Correlated Subqueries (CSQs) in Greenplum
Correlated Subqueries
Correlated Subqueries provide an efficient way to express results in terms of results of another query. The Greenplum Database supports correlated subqueries (CSQs) that provide compatibility with many existing applications. A CSQ is an ordinary SELECT query with a WHERE clause or target list that contains references to the parent outer clause. A CSQ may be a scalar subquery (Example 1) or a table subquery (Example 2) depending on whether it returns a single row or multiple rows. Correlated subqueries with skip-level correlations are not supported.
Correlated Subquery Examples
Example 1 – Scalar correlated subquery
SELECT * FROM t1 WHERE t1.x > (SELECT MAX(t2.x) FROM t2 WHERE t2.y = t1.y);
Example 2 – Correlated EXISTS subquery
SELECT * FROM t1 WHERE
EXISTS (SELECT 1 FROM t2 WHERE t2.x = t1.x);
Greenplum Database executes CSQs in two ways, as follows:
(a) The CSQ might be unnested into join operations, which is efficient OR
(b) The CSQ might be executed for every row of the outer query in a naïve manner.

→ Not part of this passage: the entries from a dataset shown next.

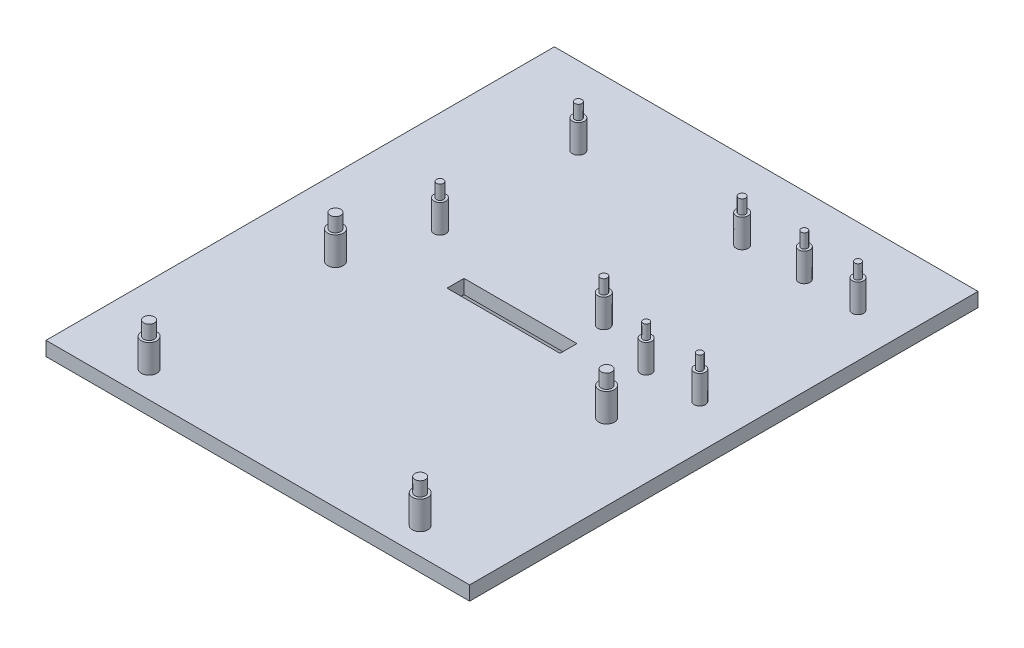
SolidWorks part; units mm, degrees
ref_plane "Front" through (0, 0, 0) normal (0, 0, 1) x (1, 0, 0)
ref_plane "Top" through (0, 0, 0) normal (0, 1, 0) x (1, 0, 0)
ref_plane "Right" through (0, 0, 0) normal (1, 0, 0) x (0, 0, -1)
sketch "Esquisse1" plane through (0, 0, 0) normal (0, 1, 0) x (1, 0, 0)
  line L1 (-31, 6) -> (31, 6)
  line L2 (-31, 6) -> (-31, -6)
  line L3 (-31, -6) -> (31, -6)
  line L4 (31, 6) -> (31, -6)
  line L5 (-31, 6) -> (31, -6) construction
  line L6 (-31, -6) -> (31, 6) construction
  line L7 (-29, 4) -> (29, 4)
  line L8 (-29, 4) -> (-29, -4)
  line L9 (-29, -4) -> (29, -4)
  line L10 (29, 4) -> (29, -4)
  line L11 (-29, 4) -> (29, -4) construction
  line L12 (-29, -4) -> (29, 4) construction
  point P0 (0, 0)
  point P6 (0, 0)
  dimension "D1" = 8
  dimension "D2" = 12
  dimension "D3" = 62
  dimension "D4" = 58
extrude "Boss.-Extru.1" add sketch "Esquisse1" along normal blind 15
sketch "Esquisse2" plane through (0, 0, 6) normal (0, 0, 1) x (1, 0, 0)
  line L0 (-31, 15) -> (31, 15) construction
  line L1 (31, 15) -> (31, 0) construction
  circle A0 centre (0, 9) radius 3.175
  dimension "D1" = 6.35
  dimension "D2" = 6
  dimension "D3" = 31
extrude "Enlèv. mat.-Extru.1" cut sketch "Esquisse2" against normal through all
sketch "Esquisse3" plane through (0, 15, 0) normal (0, 1, 0) x (1, 0, 0)
  line L1 (-75, 90) -> (75, 90)
  line L2 (-75, 90) -> (-75, -90)
  line L3 (-75, -90) -> (75, -90)
  line L4 (75, 90) -> (75, -90)
  line L5 (-75, 90) -> (75, -90) construction
  line L6 (-75, -90) -> (75, 90) construction
  point P0 (0, 0)
  dimension "D1" = 180
  dimension "D2" = 150
extrude "Boss.-Extru.2" add sketch "Esquisse3" along normal blind 5
sketch "Esquisse4" plane through (0, 20, 0) normal (0, 1, 0) x (1, 0, 0)
  line L0 (75, -90) -> (75, 90) construction
  line L1 (-52.5, -85) -> (52.5, -85) construction
  line L2 (-52.5, -85) -> (-52.5, -10) construction
  line L3 (-52.5, -10) -> (52.5, -10) construction
  line L4 (52.5, -85) -> (52.5, -10) construction
  line L5 (-52.5, -85) -> (52.5, -10) construction
  line L6 (-52.5, -10) -> (52.5, -85) construction
  line L7 (-75, -90) -> (75, -90) construction
  line L9 (-61.5, 10) -> (22.5, 10) construction
  line L10 (-61.5, 10) -> (-61.5, 66) construction
  line L11 (-61.5, 66) -> (22.5, 66) construction
  line L12 (22.5, 10) -> (22.5, 66) construction
  line L13 (-61.5, 10) -> (22.5, 66) construction
  line L14 (-61.5, 66) -> (22.5, 10) construction
  line L15 (37.5, 4) -> (62.5, 4) construction
  line L16 (37.5, 4) -> (37.5, 66) construction
  line L17 (37.5, 66) -> (62.5, 66) construction
  line L18 (62.5, 4) -> (62.5, 66) construction
  line L19 (37.5, 4) -> (62.5, 66) construction
  line L20 (37.5, 66) -> (62.5, 4) construction
  line L21 (75, 90) -> (-75, 90) construction
  point P4 (0, -47.5)
  point P10 (0, -90)
  point P15 (-19.5, 38)
  point P21 (50, 35)
  point P22 (75, 0)
  point P23 (41.9956, 9.0728)
  point P24 (0, 90)
  dimension "D1" = 75
  dimension "D2" = 105
  dimension "D3" = 10
  dimension "D4" = 56
  dimension "D5" = 84
  dimension "D6" = 15
  dimension "D7" = 62
  dimension "D8" = 25
  dimension "D9" = 22.5
  dimension "D10" = 10
sketch "Esquisse6" plane through (0, 15, 0) normal (0, -1, 0) x (-1, 0, 0)
  line L0 (-29, -4) -> (-29, 4) construction
  line L1 (20, 3) -> (-20, 3)
  line L2 (20, 3) -> (20, -3)
  line L3 (20, -3) -> (-20, -3)
  line L4 (-20, 3) -> (-20, -3)
  line L5 (20, 3) -> (-20, -3) construction
  line L6 (20, -3) -> (-20, 3) construction
  line L7 (29, -4) -> (-29, -4) construction
  point P4 (0, 0)
  point P8 (-29, 0)
  point P12 (0, -4)
  dimension "D1" = 6
  dimension "D2" = 40
extrude "Enlèv. mat.-Extru.3" cut sketch "Esquisse6" against normal up to next
sketch "Esquisse8" plane through (0, 20, 0) normal (0, 1, 0) x (1, 0, 0)
  line L0 (-61.5, 66) -> (22.5, 66) construction
  line L1 (22.5, 10) -> (22.5, 66) construction
  circle A0 centre (19, 62.5) radius 1.25
  circle A1 centre (19, 13.5) radius 1.25
  circle A2 centre (-39, 62.5) radius 1.25
  circle A3 centre (-39, 13.5) radius 1.25
  dimension "D1" = 2.5
  dimension "D4" = 2.5
  dimension "D6" = 2.5
  dimension "D8" = 2.5
  dimension "D2" = 3.5
  dimension "D3" = 3.5
  dimension "D5" = 49
  dimension "D7" = 58
sketch "Esquisse9" plane through (0, 20, 0) normal (0, 1, 0) x (1, 0, 0)
  line L0 (62.5, 4) -> (62.5, 66) construction
  line L1 (37.5, 66) -> (62.5, 66) construction
  circle A0 centre (59.5, 63) radius 1.125
  circle A1 centre (40.5, 63) radius 1.125
  circle A2 centre (59.5, 7) radius 1.125
  circle A3 centre (40.5, 7) radius 1.125
  dimension "D1" = 2.25
  dimension "D4" = 2.25
  dimension "D6" = 2.25
  dimension "D8" = 2.25
  dimension "D2" = 3
  dimension "D3" = 3
  dimension "D5" = 19
  dimension "D7" = 56
sketch "Esquisse10" plane through (0, 20, 0) normal (0, 1, 0) x (1, 0, 0)
  line L0 (-52.5, -10) -> (52.5, -10) construction
  line L1 (-52.5, -85) -> (-52.5, -10) construction
  circle A0 centre (-48, -14.5) radius 1.875
  circle A1 centre (48, -14.5) radius 1.875
  circle A2 centre (-48, -80.5) radius 1.875
  circle A3 centre (48, -80.5) radius 1.875
  dimension "D1" = 3.75
  dimension "D4" = 3.75
  dimension "D6" = 3.75
  dimension "D8" = 3.75
  dimension "D2" = 4.5
  dimension "D3" = 4.5
  dimension "D5" = 96
  dimension "D7" = 66
sketch "Esquisse11" plane through (0, 20, 0) normal (0, 1, 0) x (1, 0, 0)
  line L0 (-52.5, -10) -> (52.5, -10) construction
  line L1 (-52.5, -85) -> (-52.5, -10) construction
  circle A0 centre (-48, -14.5) radius 2.75
  circle A1 centre (-48, -80.5) radius 2.75
  circle A2 centre (48, -14.5) radius 2.75
  circle A3 centre (48, -80.5) radius 2.75
  dimension "D3" = 5.5
  dimension "D5" = 5.5
  dimension "D6" = 96
  dimension "D7" = 5.5
  dimension "D8" = 5.5
  dimension "D1" = 4.5
  dimension "D2" = 4.5
  dimension "D4" = 66
sketch "Esquisse12" plane through (0, 20, 0) normal (0, 1, 0) x (1, 0, 0)
  line L0 (-61.5, 66) -> (22.5, 66) construction
  line L1 (22.5, 10) -> (22.5, 66) construction
  circle A0 centre (19, 62.5) radius 2.125
  circle A1 centre (19, 13.5) radius 2.125
  circle A2 centre (-39, 62.5) radius 2.125
  circle A3 centre (-39, 13.5) radius 2.125
  dimension "D3" = 4.25
  dimension "D5" = 4.25
  dimension "D7" = 4.25
  dimension "D8" = 4.25
  dimension "D1" = 3.5
  dimension "D2" = 3.5
  dimension "D4" = 49
  dimension "D6" = 58
sketch "Esquisse13" plane through (0, 20, 0) normal (0, 1, 0) x (1, 0, 0)
  line L0 (37.5, 4) -> (62.5, 4) construction
  line L1 (62.5, 4) -> (62.5, 66) construction
  circle A0 centre (59.5, 7) radius 2
  circle A1 centre (59.5, 63) radius 2
  circle A2 centre (40.5, 7) radius 2
  circle A3 centre (40.5, 63) radius 2
  dimension "D3" = 4
  dimension "D4" = 4
  dimension "D6" = 4
  dimension "D8" = 4
  dimension "D1" = 3
  dimension "D2" = 3
  dimension "D5" = 56
  dimension "D7" = 19
extrude "Boss.-Extru.3" add sketch "Esquisse11" along normal blind 10
extrude "Boss.-Extru.4" add sketch "Esquisse13" along normal blind 10
extrude "Boss.-Extru.5" add sketch "Esquisse12" along normal blind 10
extrude "Boss.-Extru.6" add sketch "Esquisse10" along normal blind 15
extrude "Boss.-Extru.7" add sketch "Esquisse9" along normal blind 15
extrude "Boss.-Extru.8" add sketch "Esquisse8" along normal blind 15

A large class of queries falls in category (a), including all queries from the TPC-H benchmark.
Queries that contain CSQs in the SELECT list or are connected by OR conditions fall in category (b). Example 3 and Example 4 illustrate how some of these queries can be rewritten to improve performance.
Example 3 - CSQ in the Select List
Original Query
SELECT T1.a,
(SELECT COUNT(DISTINCT T2.z) FROM t2 WHERE t1.x = t2.y) dt2
FROM t1;
Rewrite this query to performing an inner join with t1 first, and then to perform a left join with t1 again. The rewrite applies only for an equijoin in the correlated condition.
Rewritten Query
SELECT t1.a, dt2 FROM t1
LEFT JOIN
(SELECT t2.y AS csq_y, COUNT(DISTINCT t2.z) AS dt2
FROM t1, t2 WHERE t1.x = t2.y GROUP BY t1.x)
ON (t1.x = csq_y);
Example 4 - CSQs connected by OR Clauses
Original Query
SELECT * FROM t1
WHERE
x > (SELECT COUNT(*) FROM t2 WHERE t1.x = t2.x)
OR x < (SELECT COUNT(*) FROM t3 WHERE t1.y = t3.y)
Rewrite this query to separate it into two parts with a union on the OR conditions.
Rewritten Query
SELECT * FROM t1
WHERE x > (SELECT count(*) FROM t2 WHERE t1.x = t2.x)
UNION
SELECT * FROM t1
WHERE x < (SELECT count(*) FROM t3 WHERE t1.y = t3.y)
To determine if the given CSQ is in category (a) or (b), use EXPLAIN SELECT or EXPLAIN ANALYZE SELECT statement to view the query plan. The existence of SubPlan nodes in the plan indicates that the query falls in category (b).